Мы проезжаем дальше. Жеребец Рахметуллы — тяжелой поступью, голова в голову с Ариманом. Татарин молчит; и только у порога бекского дворца, когда я спешился и Ариман снова вздыбился в руках подхвативших его, толпою, конюхов, он сказал тихо, рядом со мною подымаясь по ступеням:
— Большое счастье, что у вас не было сегодня в обычное время припадка лихорадки!
— Припадка? — Я только сейчас вспомнил и искренно засмеялся. — Испуг излечил меня, Рахметулла. И потом: ведь малярия моя была вы, кажется, не поняли меня тогда — в сказке…
Обратный путь из цитадели прошел без приключений. Правда, Ариман опять не дал садиться и разбросал, как во дворе Рахметуллы, конюхов, но успокоился тотчас, как только я утвердился в седле, и шел до самого дома ровной ходой, подхватив лишь один раз, когда я вздумал закурить папиросу.
У самых ворот догоняет Саллаэддин.
— Когда будешь слезать — не давай конюхам держать коня; на ходу я смотрел: он подкован на три ноги.
— Ну, так что же?
Салла усмехнулся:
— Четвертую не дал, значит, ковать; должно быть, раньше был на нее закован…
— Я все-таки ничего не понимаю.
— Э, какой ты, таксыр! Когда лошадь закуешь, она долго потом не дается ковать.

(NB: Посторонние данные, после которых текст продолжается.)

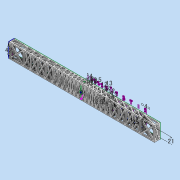
# Autodesk Inventor part: hashi1shado
Saved by Autodesk Inventor 2022 (Build 260153000, 153)
## iProperties
Created: 2024-05-14
Part Number: hashi1shado
Material: 一般
Document SubType Name: Modeling
Designer: ktamu
Density: 1 g/cm^3
Appearance: 既定
Mass: 151.289 g
Surface Area: 1319.93 cm^2
Volume: 151.289 cm^3
Author: ktamu
Autodesk Inventor part; units mm, degrees
ref_plane "YZ Plane" through (0, 0, 0) normal (1, 0, 0) x (0, 1, 0)
ref_plane "XZ Plane" through (0, 0, 0) normal (0, 1, 0) x (-1, 0, 0)
ref_plane "XY Plane" through (0, 0, 0) normal (0, 0, 1) x (1, 0, 0)
sketch "スケッチ2" plane through (0, 0, 0) normal (1, 0, 0) x (0, 1, 0)
  line L0 (25, 10) -> (-25, 10)
  line L1 (-25, 10) -> (-25, -10)
  line L2 (-25, -10) -> (25, -10)
  line L3 (25, -10) -> (25, 10)
  line L4 (25, 10) -> (-25, -10) construction
  line L5 (-25, 10) -> (25, -10) construction
  point P0 (0, 0)
  dimension "d4" = 50
  dimension "d5" = 20
  constraints: 12 end point, 2 midpoint, 2 parallel, 1 horizontal, 1 perpendicular
  measures "d4" distance of L2.end L1.end
  measures "d5" distance of L1.end L0.end
extrude "押し出し2" add sketch "スケッチ2" along normal mid plane 500
sketch "スケッチ3" plane through (-250, -25, 10) normal (0, 0, 1) x (1, 0, 0)
  circle A0 centre (250, 25) radius 5
  dimension "d8" = 10
  constraints: 1 centre point, 1 coincident
  measures "d8" diameter of A0
extrude "押し出し3" add sketch "スケッチ3" along normal blind 2
sketch "SCLeft" plane through (-250, 0, 0) normal (-1, 0, 0) x (0, 0, 1)
  line L0 (10, 25) -> (10, -25) projected
  line L1 (-10, 25) -> (10, 25)
  line L2 (10, 25) -> (10, -25)
  line L3 (10, -25) -> (-10, -25)
  line L4 (-10, -25) -> (-10, 25)
  line L5 (-10, 25) -> (10, -25) construction
  line L6 (10, 25) -> (-10, -25) construction
  line L7 (-6, 21) -> (6, 21)
  line L8 (6, 21) -> (6, -21)
  line L9 (6, -21) -> (-6, -21)
  line L10 (-6, -21) -> (-6, 21)
  line L11 (-6, 21) -> (-1.04, 3.6401) construction
  line L12 (6, 21) -> (-6, -21) construction
  line L13 (7.4154, 0) -> (4.3427, 0)
  line L14 (2.08, 0) -> (6, -13.7199)
  line L15 (-3.92, 21) -> (0, 7.2801)
  line L16 (-6, 21) -> (-1.04, 3.6401)
  line L17 (1.04, -3.6401) -> (6, -21)
  line L18 (-6, 13.7199) -> (-2.08, 0)
  line L19 (0, -7.2801) -> (3.92, -21)
  line L20 (0, 7.2801) -> (3.92, 21)
  line L21 (-6, -13.7199) -> (-2.08, 0)
  line L22 (-3.92, -21) -> (0, -7.2801)
  line L23 (2.08, 0) -> (6, 13.7199)
  point P0 (0, 0)
  dimension "d47" = 12
  dimension "d48" = 42
  constraints: 46 end point, 8 parallel, 5 point on line, 4 symmetric about line, 3 horizontal, 3 midpoint, 2 perpendicular
  measures "d47" distance of L8.end L9.end
  measures "d48" distance of L7.end L8.end
extrude "押し出し5left" cut sketch "SCLeft" against normal through all contours L7 L15 L20 L8 L23 L14 L9 L19 L22 L10 L21 L18 | L7 L20 L15 | L18 L21 L10 | L8 L14 L23 | L22 L19 L9
extrude "押し出し6" add sketch "SCLeft" against normal blind 4 contours L7 L15 L20 L8 L23 L14 L9 L19 L22 L10 L21 L18
mirror "ミラー1" about plane through (0, 0, 0) normal (1, 0, 0) of "押し出し6"
sketch "SCtop" plane through (-250, -25, 10) normal (0, 0, 1) x (1, 0, 0)
  circle A0 centre (250, 25) radius 5 projected
  line L0 (500, 0) -> (0, 0) projected
  line L1 (500, 50) -> (500, 0) projected
  line L2 (0, 50) -> (500, 50) projected
  line L3 (0, 0) -> (0, 50) projected
  circle A1 centre (250, 25) radius 5 projected
  line L4 (0, 0) -> (0, 50) projected
  line L5 (0, 50) -> (500, 0) construction
  line L6 (0, 0) -> (500, 0) projected
  line L7 (500, 50) -> (0, 0) construction
  line L8 (0, 50) -> (500, 50)
  line L9 (500, 50) -> (500, 0)
  line L10 (500, 0) -> (0, 0)
  line L11 (0, 0) -> (0, 50)
  line L12 (0, 50) -> (500, 0) construction
  line L13 (500, 50) -> (0, 0) construction
  line L14 (0, 50) -> (500, 50) projected
  line L15 (0, 50) -> (50, 50)
  line L16 (50, 50) -> (50, 0)
  line L17 (50, 0) -> (0, 0)
  line L18 (0, 0) -> (0, 50)
  line L19 (100, 50) -> (100, 0)
  line L20 (150, 50) -> (150, 0)
  line L21 (200, 50) -> (200, 0)
  line L22 (250, 50) -> (250, 0)
  line L23 (300, 50) -> (300, 0)
  line L24 (350, 50) -> (350, 0)
  line L25 (400, 50) -> (400, 0)
  line L26 (450, 50) -> (450, 0)
  line L27 (50, 50) -> (100, 0)
  line L28 (0, 50) -> (50, 0)
  line L29 (50, 50) -> (0, 0)
  line L30 (98, 4) -> (60.1439, 4) projected
  line L31 (52, 46) -> (98, 46)
  line L32 (98, 46) -> (98, 4)
  line L33 (98, 4) -> (52, 4)
  line L34 (52, 4) -> (52, 46)
  line L35 (4, 46) -> (48, 46)
  line L36 (48, 46) -> (48, 4)
  line L37 (48, 4) -> (4, 4)
  line L38 (4, 4) -> (4, 46)
  line L39 (6.8284, 46) -> (48.0258, 4.8026)
  line L40 (4, 43.1716) -> (43.1716, 4)
  line L41 (25, 25) -> (25, 18.6219)
  line L42 (98, 0) -> (98, 4) projected
  line L43 (53.4759, 44.6524) -> (98, 4)
  line L44 (52, 43.2918) -> (95.0338, 4)
  line L45 (54.9662, 46) -> (98, 6.7082)
  line L46 (98, 43.2918) -> (54.9662, 4)
  line L47 (92.2747, 40.7725) -> (53.4759, 5.3476)
  line L48 (95.0338, 46) -> (52, 6.7082)
  line L49 (50.1449, 5.0145) -> (50, 4.8822)
  line L50 (73.5843, 23.5843) -> (90.9091, 40.9091)
  line L51 (92.2747, 40.7725) -> (73.5169, 23.6459) construction
  line L52 (53.4759, 5.3476) -> (52, 4) construction
  line L53 (52, 46) -> (53.4759, 44.6524) construction
  line L54 (73.5169, 26.3541) -> (98, 4) construction
  line L55 (48, 46) -> (4, 4)
  line L56 (45.1034, 46) -> (4, 6.7649)
  line L57 (48, 43.2351) -> (6.8966, 4)
  line L58 (104.9662, 46) -> (148, 6.7082)
  line L59 (145.0338, 46) -> (102, 6.7082)
  line L60 (148, 43.2918) -> (104.9662, 4)
  line L61 (102, 43.2918) -> (145.0338, 4)
  line L62 (148, 46) -> (148, 4)
  line L63 (102, 46) -> (148, 46)
  line L64 (102, 4) -> (102, 46)
  line L65 (148, 4) -> (102, 4)
  line L66 (154.9662, 46) -> (198, 6.7082)
  line L67 (195.0338, 46) -> (152, 6.7082)
  line L68 (198, 43.2918) -> (154.9662, 4)
  line L69 (152, 43.2918) -> (195.0338, 4)
  line L70 (198, 46) -> (198, 4)
  line L71 (152, 46) -> (198, 46)
  line L72 (152, 4) -> (152, 46)
  line L73 (198, 4) -> (152, 4)
  line L74 (204.9662, 46) -> (248, 6.7082)
  line L75 (245.0338, 46) -> (202, 6.7082)
  line L76 (248, 43.2918) -> (204.9662, 4)
  line L77 (202, 43.2918) -> (245.0338, 4)
  line L78 (248, 46) -> (248, 4)
  line L79 (202, 46) -> (248, 46)
  line L80 (202, 4) -> (202, 46)
  line L81 (248, 4) -> (202, 4)
  line L82 (254.9662, 46) -> (298, 6.7082)
  line L83 (295.0338, 46) -> (252, 6.7082)
  line L84 (298, 43.2918) -> (254.9662, 4)
  line L85 (252, 43.2918) -> (295.0338, 4)
  line L86 (298, 46) -> (298, 4)
  line L87 (252, 46) -> (298, 46)
  line L88 (252, 4) -> (252, 46)
  line L89 (298, 4) -> (252, 4)
  line L90 (304.9662, 46) -> (348, 6.7082)
  line L91 (345.0338, 46) -> (302, 6.7082)
  line L92 (348, 43.2918) -> (304.9662, 4)
  line L93 (302, 43.2918) -> (345.0338, 4)
  line L94 (348, 46) -> (348, 4)
  line L95 (302, 46) -> (348, 46)
  line L96 (302, 4) -> (302, 46)
  line L97 (348, 4) -> (302, 4)
  line L98 (354.9662, 46) -> (398, 6.7082)
  line L99 (395.0338, 46) -> (352, 6.7082)
  line L100 (398, 43.2918) -> (354.9662, 4)
  line L101 (352, 43.2918) -> (395.0338, 4)
  line L102 (398, 46) -> (398, 4)
  line L103 (352, 46) -> (398, 46)
  line L104 (352, 4) -> (352, 46)
  line L105 (398, 4) -> (352, 4)
  line L106 (404.9662, 46) -> (448, 6.7082)
  line L107 (445.0338, 46) -> (402, 6.7082)
  line L108 (448, 43.2918) -> (404.9662, 4)
  line L109 (402, 43.2918) -> (445.0338, 4)
  line L110 (448, 46) -> (448, 4)
  line L111 (402, 46) -> (448, 46)
  line L112 (402, 4) -> (402, 46)
  line L113 (448, 4) -> (402, 4)
  line L114 (496, 46) -> (452, 46)
  line L115 (452, 46) -> (452, 4)
  line L116 (452, 4) -> (496, 4)
  line L117 (496, 4) -> (496, 46)
  line L118 (493.1716, 46) -> (451.9742, 4.8026)
  line L119 (496, 43.1716) -> (456.8284, 4)
  line L120 (454.8966, 46) -> (496, 6.7649)
  line L121 (452, 43.2351) -> (493.1034, 4)
  point P0 (75, 25)
  point P1 (123.5169, 26.3541)
  point P2 (123.5843, 23.5843)
  point P3 (123.5169, 23.6459)
  point P4 (173.5169, 26.3541)
  point P5 (173.5843, 23.5843)
  point P6 (173.5169, 23.6459)
  point P7 (223.5169, 26.3541)
  point P8 (223.5843, 23.5843)
  point P9 (223.5169, 23.6459)
  point P10 (273.5169, 26.3541)
  point P11 (273.5843, 23.5843)
  point P12 (273.5169, 23.6459)
  point P13 (323.5169, 26.3541)
  point P14 (323.5843, 23.5843)
  point P15 (323.5169, 23.6459)
  point P16 (373.5169, 26.3541)
  point P17 (373.5843, 23.5843)
  point P18 (373.5169, 23.6459)
  point P19 (423.5169, 26.3541)
  point P20 (423.5843, 23.5843)
  point P21 (423.5169, 23.6459)
  point P22 (474.5441, 21.7157)
  point P23 (477.3733, 24.5449)
  point P24 (474.4791, 27.3075)
  point P25 (452, 4.8284)
  point P26 (471.6499, 24.4784)
  point P27 (427.9662, 25)
  point P28 (425, 22.2918)
  point P29 (425, 27.7082)
  point P30 (375, 22.2918)
  point P31 (375, 27.7082)
  point P32 (422.0338, 25)
  point P33 (377.9662, 25)
  point P34 (372.0338, 25)
  point P35 (327.9662, 25)
  point P36 (325, 22.2918)
  point P37 (325, 27.7082)
  point P38 (322.0338, 25)
  point P39 (275, 22.2918)
  point P40 (277.9662, 25)
  point P41 (275, 27.7082)
  point P42 (252, 20.4174)
  point P43 (272.0338, 25)
  point P44 (252, 29.5826)
  point P45 (225, 22.2918)
  point P46 (248, 29.5826)
  point P47 (227.9662, 25)
  point P48 (248, 20.4174)
  point P49 (225, 27.7082)
  point P50 (222.0338, 25)
  point P51 (175, 22.2918)
  point P52 (177.9662, 25)
  point P53 (175, 27.7082)
  point P54 (172.0338, 25)
  point P55 (125, 22.2918)
  point P56 (127.9662, 25)
  point P57 (125, 27.7082)
  point P58 (122.0338, 25)
  point P59 (77.9662, 25)
  point P60 (75, 22.2918)
  point P61 (75, 27.7082)
  point P62 (72.0338, 25)
  point P63 (25.4559, 21.7157)
  point P64 (28.3501, 24.4784)
  point P65 (48, 4.8284)
  point P66 (22.6267, 24.5449)
  point P67 (25.5209, 27.3075)
  dimension "d55" = 50
  dimension "d56" = 50
  dimension "d59" = 50
  dimension "d64" = 46
  dimension "d65" = 42
  dimension "d66" = 44
  dimension "d67" = 42
  dimension "d68" = 4
  dimension "d69" = 4
  dimension "d76" = 2
  dimension "d77" = 2
  dimension "d80" = 50
  constraints: 226 end point, 97 point on line, 20 midpoint, 17 parallel, 12 symmetric about line, 6 horizontal, 5 perpendicular, 1 vertical, 185 other
  measures "d55" distance of L16.end L17.end
  measures "d56" distance of L15.end L16.end
  measures "d59" distance of L15.end L19.start
  measures "d64" distance of L30.start L33.end
  measures "d65" distance of L31.end L30.start
  measures "d66" distance of L36.end L37.end
  measures "d67" distance of L35.end L36.end
  measures "d68" distance between parallel lines of L2 L35
  measures "d69" distance between parallel lines of L34 L36
  measures "d76" distance between parallel lines of L55 L56
  measures "d77" distance between parallel lines of L55 L57
  measures "d80" distance of L45.start L58.start
sketch "スケッチ7" plane through (0, 0, 12) normal (0, 0, 1) x (1, 0, 0)
  line L0 (-2, 21) -> (-2, -21) projected
  line L1 (2, -18.2918) -> (2, 0) projected
  line L2 (2, -21) -> (2, 21) projected
  circle A0 centre (0, 0) radius 5 projected
  arc A1 (5, 0) -> (5, 0) centre (0, 0) ccw projected
  line L3 (5, 0) -> (-2, 4.5826)
  line L4 (5, 0) -> (2, 4.5826)
  circle A2 centre (0, 0) radius 1
  point P0 (-2, -21)
  point P1 (2, 21)
  point P2 (2, -4.5826)
  point P3 (-2, -4.5826)
  dimension "d89" = 2
  constraints: 4 end point, 2 point on circle, 1 centre point, 1 coincident, 4 other
  measures "d89" diameter of A2
extrude "押し出し8" cut sketch "スケッチ7" against normal through all contours L0 A0 | L4 L3 L2 | A0 L4 | L3 A0 L1 L2
extrude "押し出し9" cut sketch "スケッチ7" against normal blind 2 contours L3 L2 L1 A0 L0 | A0 L2 L3
extrude "押し出し10" cut sketch "スケッチ7" against normal blind 1 contours A2
sketch "スケッチ8" plane through (-250, 25, 10) normal (0, 1, 0) x (1, 0, 0)
  point P0 (250, 10)
sketch "スケッチ10" plane through (-250, 25, 10) normal (0, 1, 0) x (1, 0, 0)
  point P0 (250, 10)
sketch "SCfronNNhukin" plane through (-250, -25, -10) normal (0, -1, 0) x (1, 0, 0)
  line L0 (0, -20) -> (500, -20)
  line L1 (500, 0) -> (500, -20)
  line L2 (500, 0) -> (0, 0)
  line L3 (0, -20) -> (0, 0)
  line L4 (0, 0) -> (500, 0)
  line L5 (500, 0) -> (500, -20)
  line L6 (500, -20) -> (0, -20)
  line L7 (0, -20) -> (0, 0)
  line L8 (0, 0) -> (500, -20) construction
  line L9 (500, 0) -> (0, -20) construction
  line L10 (0, 0) -> (500, 0)
  line L11 (0, -20) -> (500, -20)
  line L12 (0, 0) -> (50, 0)
  line L13 (50, 0) -> (50, -20)
  line L14 (50, -20) -> (0, -20)
  line L15 (0, -20) -> (0, 0)
  line L16 (100, 0) -> (100, -20)
  line L17 (150, 0) -> (150, -20)
  line L18 (200, 0) -> (200, -20)
  line L19 (250, 0) -> (250, -20)
  line L20 (450, 0) -> (450, -20)
  line L21 (400, 0) -> (400, -20)
  line L22 (350, 0) -> (350, -20)
  line L23 (300, 0) -> (300, -20)
  line L24 (0, 0) -> (0, -20)
  line L25 (0, 0) -> (50, -20)
  line L26 (0, -20) -> (50, 0) construction
  line L27 (50, 0) -> (100, -20)
  line L28 (100, 0) -> (50, -20)
  line L29 (52, -4) -> (98, -4)
  line L30 (98, -4) -> (98, -16)
  line L31 (98, -16) -> (52, -16)
  line L32 (52, -16) -> (52, -4)
  line L33 (75, -10) -> (98, -16) construction
  line L34 (98, -4) -> (52, -16) construction
  line L35 (102, -4) -> (148, -4)
  line L36 (102, -16) -> (102, -4)
  line L37 (148, -16) -> (102, -16)
  line L38 (148, -4) -> (148, -16)
  line L39 (152, -4) -> (198, -4)
  line L40 (152, -16) -> (152, -4)
  line L41 (198, -16) -> (152, -16)
  line L42 (198, -4) -> (198, -16)
  line L43 (202, -4) -> (248, -4)
  line L44 (202, -16) -> (202, -4)
  line L45 (248, -16) -> (202, -16)
  line L46 (248, -4) -> (248, -16)
  line L47 (252, -4) -> (298, -4)
  line L48 (252, -16) -> (252, -4)
  line L49 (298, -16) -> (252, -16)
  line L50 (298, -4) -> (298, -16)
  line L51 (302, -4) -> (348, -4)
  line L52 (302, -16) -> (302, -4)
  line L53 (348, -16) -> (302, -16)
  line L54 (348, -4) -> (348, -16)
  line L55 (352, -4) -> (398, -4)
  line L56 (352, -16) -> (352, -4)
  line L57 (398, -16) -> (352, -16)
  line L58 (398, -4) -> (398, -16)
  line L59 (402, -4) -> (448, -4)
  line L60 (402, -16) -> (402, -4)
  line L61 (448, -16) -> (402, -16)
  line L62 (448, -4) -> (448, -16)
  line L63 (48, -4) -> (48, -16)
  line L64 (48, -4) -> (4, -4)
  line L65 (4, -4) -> (4, -16)
  line L66 (4, -16) -> (48, -16)
  line L67 (48, -16) -> (48, -4)
  line L68 (452, -4) -> (496, -4)
  line L69 (496, -4) -> (496, -16)
  line L70 (496, -16) -> (452, -16)
  line L71 (452, -4) -> (452, -16)
  line L72 (11.4052, -4) -> (48, -14.2649)
  line L73 (4, -6.0772) -> (40.5948, -16)
  line L74 (488.5948, -4) -> (452, -14.2649)
  line L75 (496, -6.0772) -> (459.4052, -16)
  line L76 (52, -4) -> (75, -10)
  line L77 (52, -6.0669) -> (90.0768, -16)
  line L78 (52.5048, -2.0648) -> (52.6652, -2.1066)
  line L79 (59.9232, -4) -> (98, -13.9331)
  line L80 (109.9232, -4) -> (148, -13.9331)
  line L81 (102, -6.0669) -> (140.0768, -16)
  line L82 (159.9232, -4) -> (198, -13.9331)
  line L83 (152, -6.0669) -> (190.0768, -16)
  line L84 (209.9232, -4) -> (248, -13.9331)
  line L85 (202, -6.0669) -> (240.0768, -16)
  line L86 (448, -6.0669) -> (409.9232, -16)
  line L87 (440.0768, -4) -> (402, -13.9331)
  line L88 (398, -6.0669) -> (359.9232, -16)
  line L89 (390.0768, -4) -> (352, -13.9331)
  line L90 (348, -6.0669) -> (309.9232, -16)
  line L91 (340.0768, -4) -> (302, -13.9331)
  line L92 (298, -6.0669) -> (259.9232, -16)
  line L93 (290.0768, -4) -> (252, -13.9331)
  line L94 (500, 20) -> (0, 20)
  line L95 (0, 20) -> (500, 20)
  line L96 (0, 20) -> (500, 20)
  line L97 (0, 0) -> (500, 0)
  line L98 (500, 0) -> (0, 0)
  line L99 (0, 0) -> (500, 0)
  line L100 (0, 20) -> (500, 0) construction
  line L101 (500, 20) -> (0, 0) construction
  line L102 (352, 4) -> (352, 16)
  line L103 (352, 16) -> (398, 16)
  line L104 (398, 4) -> (352, 4)
  line L105 (398, 13.9331) -> (359.9232, 4)
  line L106 (398, 16) -> (398, 4)
  line L107 (390.0768, 16) -> (352, 6.0669)
  line L108 (440.0768, 16) -> (402, 6.0669)
  line L109 (448, 16) -> (448, 4)
  line L110 (448, 13.9331) -> (409.9232, 4)
  line L111 (448, 4) -> (402, 4)
  line L112 (402, 16) -> (448, 16)
  line L113 (400, 20) -> (400, 0)
  line L114 (202, 4) -> (202, 16)
  line L115 (202, 13.9331) -> (240.0768, 4)
  line L116 (202, 16) -> (248, 16)
  line L117 (248, 4) -> (202, 4)
  line L118 (209.9232, 16) -> (248, 6.0669)
  line L119 (248, 16) -> (248, 4)
  line L120 (148, 16) -> (148, 4)
  line L121 (109.9232, 16) -> (148, 6.0669)
  line L122 (102, 16) -> (148, 16)
  line L123 (102, 4) -> (102, 16)
  line L124 (102, 13.9331) -> (140.0768, 4)
  line L125 (148, 4) -> (102, 4)
  line L126 (300, 20) -> (300, 0)
  line L127 (302, 4) -> (302, 16)
  line L128 (340.0768, 16) -> (302, 6.0669)
  line L129 (348, 4) -> (302, 4)
  line L130 (302, 16) -> (348, 16)
  line L131 (348, 13.9331) -> (309.9232, 4)
  line L132 (348, 16) -> (348, 4)
  line L133 (350, 20) -> (350, 0)
  line L134 (402, 4) -> (402, 16)
  line L135 (75, 10) -> (98, 4) construction
  line L136 (98, 16) -> (98, 4)
  line L137 (100, 20) -> (100, 0)
  line L138 (59.9232, 16) -> (98, 6.0669)
  line L139 (52.5048, 17.9352) -> (52.6652, 17.8934)
  line L140 (52, 13.9331) -> (90.0768, 4)
  line L141 (52, 4) -> (52, 16)
  line L142 (52, 16) -> (75, 10)
  line L143 (50, 20) -> (50, 0)
  line L144 (52, 16) -> (98, 16)
  line L145 (50, 20) -> (100, 0)
  line L146 (100, 20) -> (50, 0)
  line L147 (98, 16) -> (52, 4) construction
  line L148 (98, 4) -> (52, 4)
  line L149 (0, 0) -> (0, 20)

Такому коню, если его ковать, закрывают глаза и крепко-крепко держат, много-много людей держат, не то — убьет кузнеца. Так и твой конь. Когда много держат — думает: ковать будут — бьет. А так — он не должен бить. Конь без пороков: я осматривал…
Похоже на правду. Салла — знаток: барышничает лошадьми.
Подъехав к террасе, приказываю конюхам отойти, слезаю. Ариман делает вольт на месте, толкает лбом в плечо, легонько. Берусь за луку, сажусь: стоит смирно. Соскакиваю, приказываю конюхам взять: подбегают четверо — бьет. Все, стало быть, в порядке. Будем ездить.
Гассан за вечерним чаем уверяет, будто слышал сам, как секретарь Рахметуллы сказал, когда Ариман — тогда, во дворе — в первый раз взвился: «Ставлю десять золотых против пустой тыквы — он разобьет себе затылок!»